DIRECTIONS:
Scan the entries for the word "Subsystem". Every line that has it should be copied.

++++ INFORMATION PROVIDED

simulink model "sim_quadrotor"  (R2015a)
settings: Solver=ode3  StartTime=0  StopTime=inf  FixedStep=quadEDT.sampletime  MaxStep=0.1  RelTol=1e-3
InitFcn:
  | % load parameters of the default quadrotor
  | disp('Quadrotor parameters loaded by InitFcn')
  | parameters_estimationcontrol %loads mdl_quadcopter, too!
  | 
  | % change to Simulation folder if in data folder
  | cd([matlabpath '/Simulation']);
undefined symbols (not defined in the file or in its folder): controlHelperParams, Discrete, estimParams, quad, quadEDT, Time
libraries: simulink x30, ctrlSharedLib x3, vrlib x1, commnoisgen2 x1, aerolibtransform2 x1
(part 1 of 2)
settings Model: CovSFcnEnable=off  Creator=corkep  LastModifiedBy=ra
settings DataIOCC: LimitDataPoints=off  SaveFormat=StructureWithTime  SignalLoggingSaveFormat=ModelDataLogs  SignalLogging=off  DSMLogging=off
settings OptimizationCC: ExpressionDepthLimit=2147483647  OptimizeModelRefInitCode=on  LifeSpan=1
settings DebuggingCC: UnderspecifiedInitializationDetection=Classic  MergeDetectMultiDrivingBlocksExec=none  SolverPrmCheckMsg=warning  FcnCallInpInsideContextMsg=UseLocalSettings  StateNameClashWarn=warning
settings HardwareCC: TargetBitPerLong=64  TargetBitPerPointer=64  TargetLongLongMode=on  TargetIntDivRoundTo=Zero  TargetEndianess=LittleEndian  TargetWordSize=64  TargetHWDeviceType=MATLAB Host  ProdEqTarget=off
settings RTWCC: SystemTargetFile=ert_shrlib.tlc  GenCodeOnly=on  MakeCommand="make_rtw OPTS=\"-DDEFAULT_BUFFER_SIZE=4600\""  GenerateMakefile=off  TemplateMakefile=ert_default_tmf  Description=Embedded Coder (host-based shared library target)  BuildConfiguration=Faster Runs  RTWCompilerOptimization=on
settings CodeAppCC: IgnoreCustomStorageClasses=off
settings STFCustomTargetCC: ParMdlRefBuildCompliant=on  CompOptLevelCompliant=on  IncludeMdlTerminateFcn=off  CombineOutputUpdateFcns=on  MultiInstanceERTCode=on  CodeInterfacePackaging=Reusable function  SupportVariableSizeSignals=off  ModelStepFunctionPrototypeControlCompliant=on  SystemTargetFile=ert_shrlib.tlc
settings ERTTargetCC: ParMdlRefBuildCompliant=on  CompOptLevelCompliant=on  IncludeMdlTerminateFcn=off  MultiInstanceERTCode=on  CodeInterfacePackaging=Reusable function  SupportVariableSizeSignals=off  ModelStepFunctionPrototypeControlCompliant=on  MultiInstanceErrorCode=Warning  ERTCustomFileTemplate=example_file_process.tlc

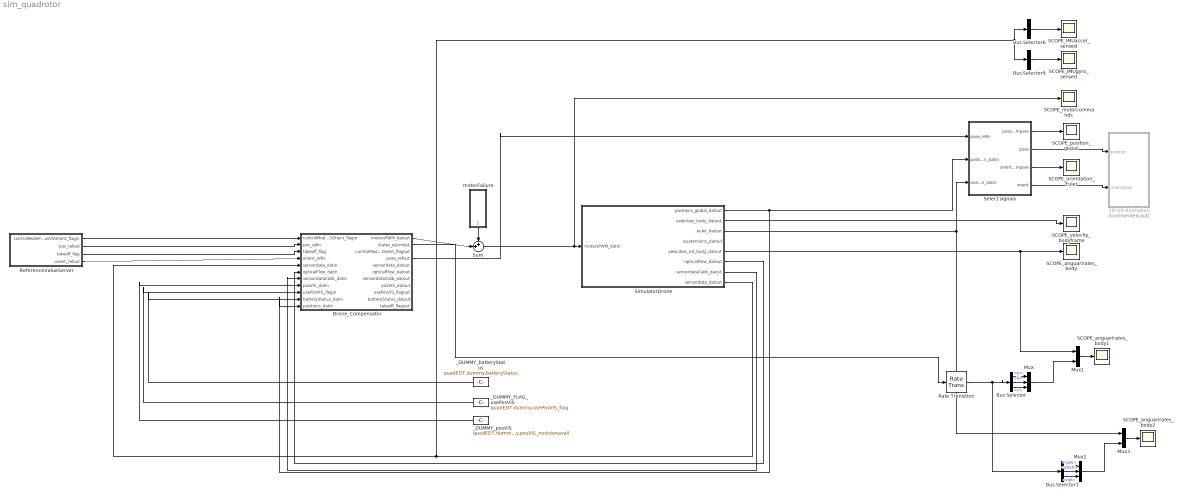
== system sim_quadrotor ==
  3D-VR-Animation : Subsystem  Commented=on
  Bus Selector : BusSelector  OutputSignals=p,q,r
  Bus Selector1 : BusSelector  OutputSignals=yaw,pitch,roll
  Bus Selector6 : BusSelector  OutputSignals=ddx,ddy,ddz  OutputAsBus=on
  Bus Selector9 : BusSelector  OutputSignals=p,q,r  OutputAsBus=on
  Drone_Compensator : Subsystem  TreatAsAtomicUnit=on
  Mux : Mux  Inputs=3
  Mux1 : Mux  Inputs=2
  Mux2 : Mux  Inputs=3
  Mux3 : Mux  Inputs=2
  Rate Transition : RateTransition
  ReferenceValueServer : Subsystem
  SCOPE_IMUaccel_sensed : Scope
      settings: TimeRange=14.995  YMin=-13  YMax=2  SaveName=ScopeData11
  SCOPE_IMUgyro_sensed : Scope
      settings: TimeRange=14.995  YMin=-0.002  YMax=0.00175  SaveName=ScopeData10
  SCOPE_anguarlrates_body : Scope
      settings: TimeRange=13.045  YMin=-1.5  YMax=0.5  SaveName=ScopeData7
  SCOPE_anguarlrates_body1 : Scope
      settings: TimeRange=13.045  YMin=-1.5  YMax=0.5  SaveName=ScopeData8
  SCOPE_anguarlrates_body2 : Scope
      settings: TimeRange=13.045  YMin=-1.5  YMax=0.5  SaveName=ScopeData13
  SCOPE_motorcommands : Scope
      settings: TimeRange=20.435  YMin=1200  YMax=1450  SaveName=ScopeData2
  SCOPE_orientation_Euler : Scope
      settings: TimeRange=29.325  YMin=-0.1  YMax=0.15  SaveName=ScopeData5
  SCOPE_position_global : Scope
      settings: TimeRange=24.935  YMin=-1.5  YMax=1  SaveName=ScopeData3
  SCOPE_velocity_bodyframe : Scope
      settings: TimeRange=13.045  YMin=-1.5  YMax=0.5  SaveName=ScopeData22
  Select signals : Subsystem
  SimulatorDrone : Subsystem
  Sum : Sum  Inputs=++|
  _DUMMY_FLAG_usePosVIS : Constant  Value=quadEDT.dummy.usePosVIS_flag
  _DUMMY_batteryStatus : Constant  Value=quadEDT.dummy.batteryStatus
  _DUMMY_posVIS : Constant  Value=quadEDT.dummy.posVIS_novisionavail
  motorFailure : Subsystem
  wires:
  Bus Selector6/1 -> SCOPE_IMUaccel_sensed/1
  Bus Selector9/1 -> SCOPE_IMUgyro_sensed/1
  ReferenceValueServer/2("pos_refout ") -> Drone_Compensator/2(pos_refin)
  motorFailure/1(motors_datout) -> Sum/1
  Drone_Compensator/1(motorsPWM_datout) -> Sum/2
  ReferenceValueServer/1(controlModePosVSOrient_flagin) -> Drone_Compensator/1(controlModePosVSOrient_flagin)
  ReferenceValueServer/4(orient_refout) -> Drone_Compensator/4(orient_refin)
  _DUMMY_posVIS/1 -> Drone_Compensator/8(posVIS_datin)
  _DUMMY_FLAG_usePosVIS/1 -> Drone_Compensator/9(usePosVIS_flagin)
  _DUMMY_batteryStatus/1 -> Drone_Compensator/10(batteryStatus_datin)
  ReferenceValueServer/3("takeoff_flag ") -> Drone_Compensator/3(takeoff_flag)
  Drone_Compensator/4(pose_refout) -> Select signals/1(pose_refin)
  Select signals/1(poseCompare) -> SCOPE_position_global/1
  Select signals/2(pose) -> 3D-VR-Animation/1(position)
  Select signals/3(orientCompare) -> SCOPE_orientation_Euler/1
  Select signals/4(orient) -> 3D-VR-Animation/2(orientation)
  SimulatorDrone/8(sensordata_datout) -> Bus Selector9/1, Bus Selector6/1, Drone_Compensator/5(sensordata_datin)
  SimulatorDrone/6(opticalFlow_datout) -> Drone_Compensator/6(opticalFlow_datin)
  SimulatorDrone/7(sensordataCalib_daout) -> Drone_Compensator/7(sensordataCalib_datin)
  SimulatorDrone/1(positions_global_datout) -> Select signals/2(position_datin), Drone_Compensator/11(positions_datin)
  SimulatorDrone/2(velocities_body_datout) -> SCOPE_velocity_bodyframe/1
  SimulatorDrone/3(euler_datout) -> Mux3/1, Select signals/3(orientation_datin)
  SimulatorDrone/5(velocities_rot_body_datout) -> Mux1/1, SCOPE_anguarlrates_body/1
  Drone_Compensator/2(states_estimout) -> Rate Transition/1
  Bus Selector/1 -> Mux/1  "<p>"
  Bus Selector/2 -> Mux/2  "<q>"
  Bus Selector/3 -> Mux/3  "<r>"
  Mux/1 -> Mux1/2
  Mux1/1 -> SCOPE_anguarlrates_body1/1
  Rate Transition/1 -> Bus Selector1/1, Bus Selector/1
  Bus Selector1/1 -> Mux2/1  "<yaw>"
  Bus Selector1/2 -> Mux2/2  "<pitch>"
  Bus Selector1/3 -> Mux2/3  "<roll>"
  Mux2/1 -> Mux3/2
  Mux3/1 -> SCOPE_anguarlrates_body2/1
  Sum/1 -> SCOPE_motorcommands/1, SimulatorDrone/1(motorsPWM_datin)

== system sim_quadrotor/3D-VR-Animation ==
  note: Student contribution by Erlend Solbakk Harbitz
  note: In animation:
      | X-axis: red
      | Y-axis: green
      | Z-axis: blue
  note: Animation
  note: Positions = [X; Y; Z] (Inertia frame with Z-axis downwards)
      | Theta      = [yaw (psi); pitch ( theta); roll (phi) ]
      |
      | Euler angles scheme: First yaw, then pitch, then roll
  position : Inport
  orientation : Inport  Port=2
  Double click for animation : vrlib/VR Sink  RequirementInfo={} %GIDa_850cb678_ba1c_4e80_94b9_fad132a707ef  InstantiateOnLoad=on  SampleTime=0.1  ViewEnable=on  RemoteChange=off  RemoteView=off  FieldsWritten=DRONE.translation.3.1.1.double#roll_rotation.rotation.4.1.1.double#pitch_rotation.rotation.4.1.1.double#yaw_rotation.rotation.4.1.1.double  WorldFileName=Animation/DroneWorld.wrl  AutoView=off  VideoDimensions=[]  AllowVariableSize=off
  Euler angle rotations : MATLAB Function  TreatAsAtomicUnit=on
  Rate Transition : RateTransition
  Rate Transition1 : RateTransition
  wires:
  orientation/1 -> Rate Transition1/1  "Euler angles (yaw, pitch, roll)"
  position/1 -> Rate Transition/1  "Inertia positions X,Y,Z"
  Rate Transition1/1 -> Euler angle rotations/1(O)
  Rate Transition/1 -> Double click for animation/1
  Euler angle rotations/1(rot_phi) -> Double click for animation/2  "Third rotation"
  Euler angle rotations/2(rot_theta) -> Double click for animation/3  "Second rotation"
  Euler angle rotations/3(rot_psi) -> Double click for animation/4  "First rotation"

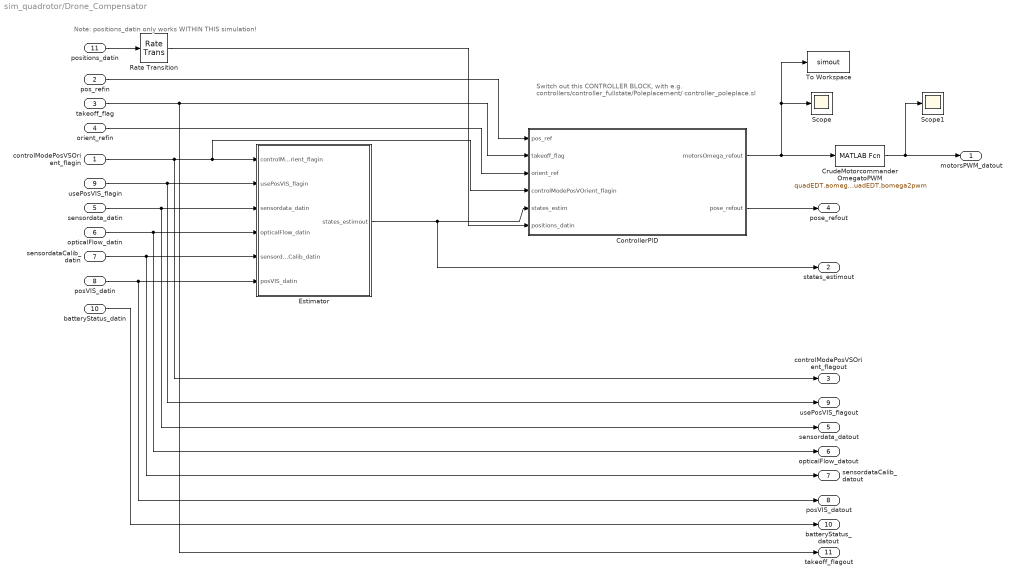
== system sim_quadrotor/Drone_Compensator ==
  note: Note: positions_datin only works WITHIN THIS simulation!
  note: Switch out this CONTROLLER BLOCK, with e.g.
      | controllers/controller_fullstate/Poleplacement/
      | controller_poleplace.sl
  controlModePosVSOrient_flagin : Inport
  pos_refin : Inport  Port=2
  takeoff_flag : Inport  Port=3
  orient_refin : Inport  Port=4
  sensordata_datin : Inport  Port=5
  opticalFlow_datin : Inport  Port=6
  sensordataCalib_datin : Inport  Port=7
  posVIS_datin : Inport  Port=8
  usePosVIS_flagin : Inport  Port=9
  batteryStatus_datin : Inport  Port=10
  positions_datin : Inport  Port=11
  ControllerPID : Subsystem  TreatAsAtomicUnit=on
  CrudeMotorcommander OmegatoPWM : MATLABFcn  MATLABFcn=quadEDT.aomega2pwm*(u-quadEDT.comega2pwm).^2+quadEDT.bomega2pwm
  Estimator : Subsystem
  Rate Transition : RateTransition
  Scope : Scope
      settings: YMin=1005  YMax=1060  SaveName=ScopeData12
  Scope1 : Scope
      settings: SaveName=ScopeData15
  To Workspace : ToWorkspace  VariableName=simout  SaveFormat=Timeseries  SampleTime=-1
  motorsPWM_datout : Outport
  states_estimout : Outport  Port=2
  controlModePosVSOrient_flagout : Outport  Port=3
  pose_refout : Outport  Port=4
  sensordata_datout : Outport  Port=5
  opticalFlow_datout : Outport  Port=6
  sensordataCalib_datout : Outport  Port=7
  posVIS_datout : Outport  Port=8
  usePosVIS_flagout : Outport  Port=9
  batteryStatus_datout : Outport  Port=10
  takeoff_flagout : Outport  Port=11
  wires:
  sensordata_datin/1 -> sensordata_datout/1, Estimator/3(sensordata_datin)
  pos_refin/1 -> ControllerPID/1(pos_ref)
  Estimator/1(states_estimout) -> ControllerPID/5(states_estim), states_estimout/1
  orient_refin/1 -> ControllerPID/3(orient_ref)
  controlModePosVSOrient_flagin/1 -> controlModePosVSOrient_flagout/1, ControllerPID/4(controlModePosVOrient_flagin), Estimator/1(controlModePosVSOrient_flagin)
  sensordataCalib_datin/1 -> sensordataCalib_datout/1, Estimator/5(sensordataCalib_datin)
  opticalFlow_datin/1 -> opticalFlow_datout/1, Estimator/4(opticalFlow_datin)
  posVIS_datin/1 -> posVIS_datout/1, Estimator/6(posVIS_datin)
  ControllerPID/1(motorsOmega_refout) -> CrudeMotorcommander OmegatoPWM/1, To Workspace/1, Scope/1
  usePosVIS_flagin/1 -> usePosVIS_flagout/1, Estimator/2(usePosVIS_flagin)
  ControllerPID/2(pose_refout) -> pose_refout/1
  batteryStatus_datin/1 -> batteryStatus_datout/1
  takeoff_flag/1 -> ControllerPID/2(takeoff_flag), takeoff_flagout/1
  positions_datin/1 -> Rate Transition/1
  Rate Transition/1 -> ControllerPID/6(positions_datin)
  CrudeMotorcommander OmegatoPWM/1 -> Scope1/1, motorsPWM_datout/1

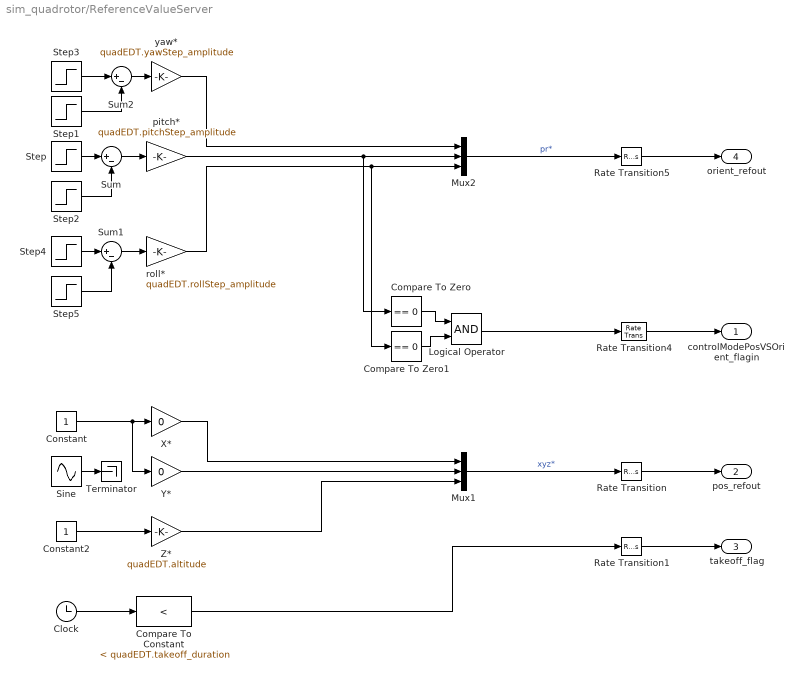
== system sim_quadrotor/ReferenceValueServer ==
  Clock : Clock
  Compare To Constant : simulink/Logic and Bit Operations/Compare To Constant  relop=<  const=quadEDT.takeoff_duration  OutDataTypeStr=boolean
  Compare To Zero : simulink/Logic and Bit Operations/Compare To Zero  relop===  OutDataTypeStr=boolean
  Compare To Zero1 : simulink/Logic and Bit Operations/Compare To Zero  relop===  OutDataTypeStr=boolean
  Constant : Constant  SampleTime=0
  Constant2 : Constant  SampleTime=0
  Logical Operator : Logic  AllPortsSameDT=off  OutDataTypeStr=boolean
  Mux1 : Mux  Inputs=3
  Mux2 : Mux  Inputs=3
  Rate Transition{,1,4..5} (4 alike) : RateTransition  OutPortSampleTime=quadEDT.sampletime
  Sine : Sin  Frequency=2*pi*.125  SampleTime=0
  Step : Step  Time=quadEDT.pitchStep_time  SampleTime=0
  Step1 : Step  Time=quadEDT.yawStep_time+quadEDT.yawStep_duration  SampleTime=0
  Step2 : Step  Time=quadEDT.pitchStep_time+quadEDT.pitchStep_duration  SampleTime=0
  Step3 : Step  Time=quadEDT.yawStep_time  SampleTime=0
  Step4 : Step  Time=quadEDT.rollStep_time  SampleTime=0
  Step5 : Step  Time=quadEDT.rollStep_duration+quadEDT.rollStep_time  SampleTime=0
  Sum : Sum  Inputs=|+-
  Sum1 : Sum  Inputs=|+-
  Sum2 : Sum  Inputs=|+-
  Terminator : Terminator
  X* : Gain  Gain=0
  Y* : Gain  Gain=0
  Z* : Gain  Gain=quadEDT.altitude
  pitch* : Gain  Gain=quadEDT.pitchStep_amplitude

++++++++

OUTPUT FOR THIS EXERCISE:
  3D-VR-Animation : Subsystem  Commented=on
  Drone_Compensator : Subsystem  TreatAsAtomicUnit=on
  ReferenceValueServer : Subsystem
  Select signals : Subsystem
  SimulatorDrone : Subsystem
  motorFailure : Subsystem
  ControllerPID : Subsystem  TreatAsAtomicUnit=on
  Estimator : Subsystem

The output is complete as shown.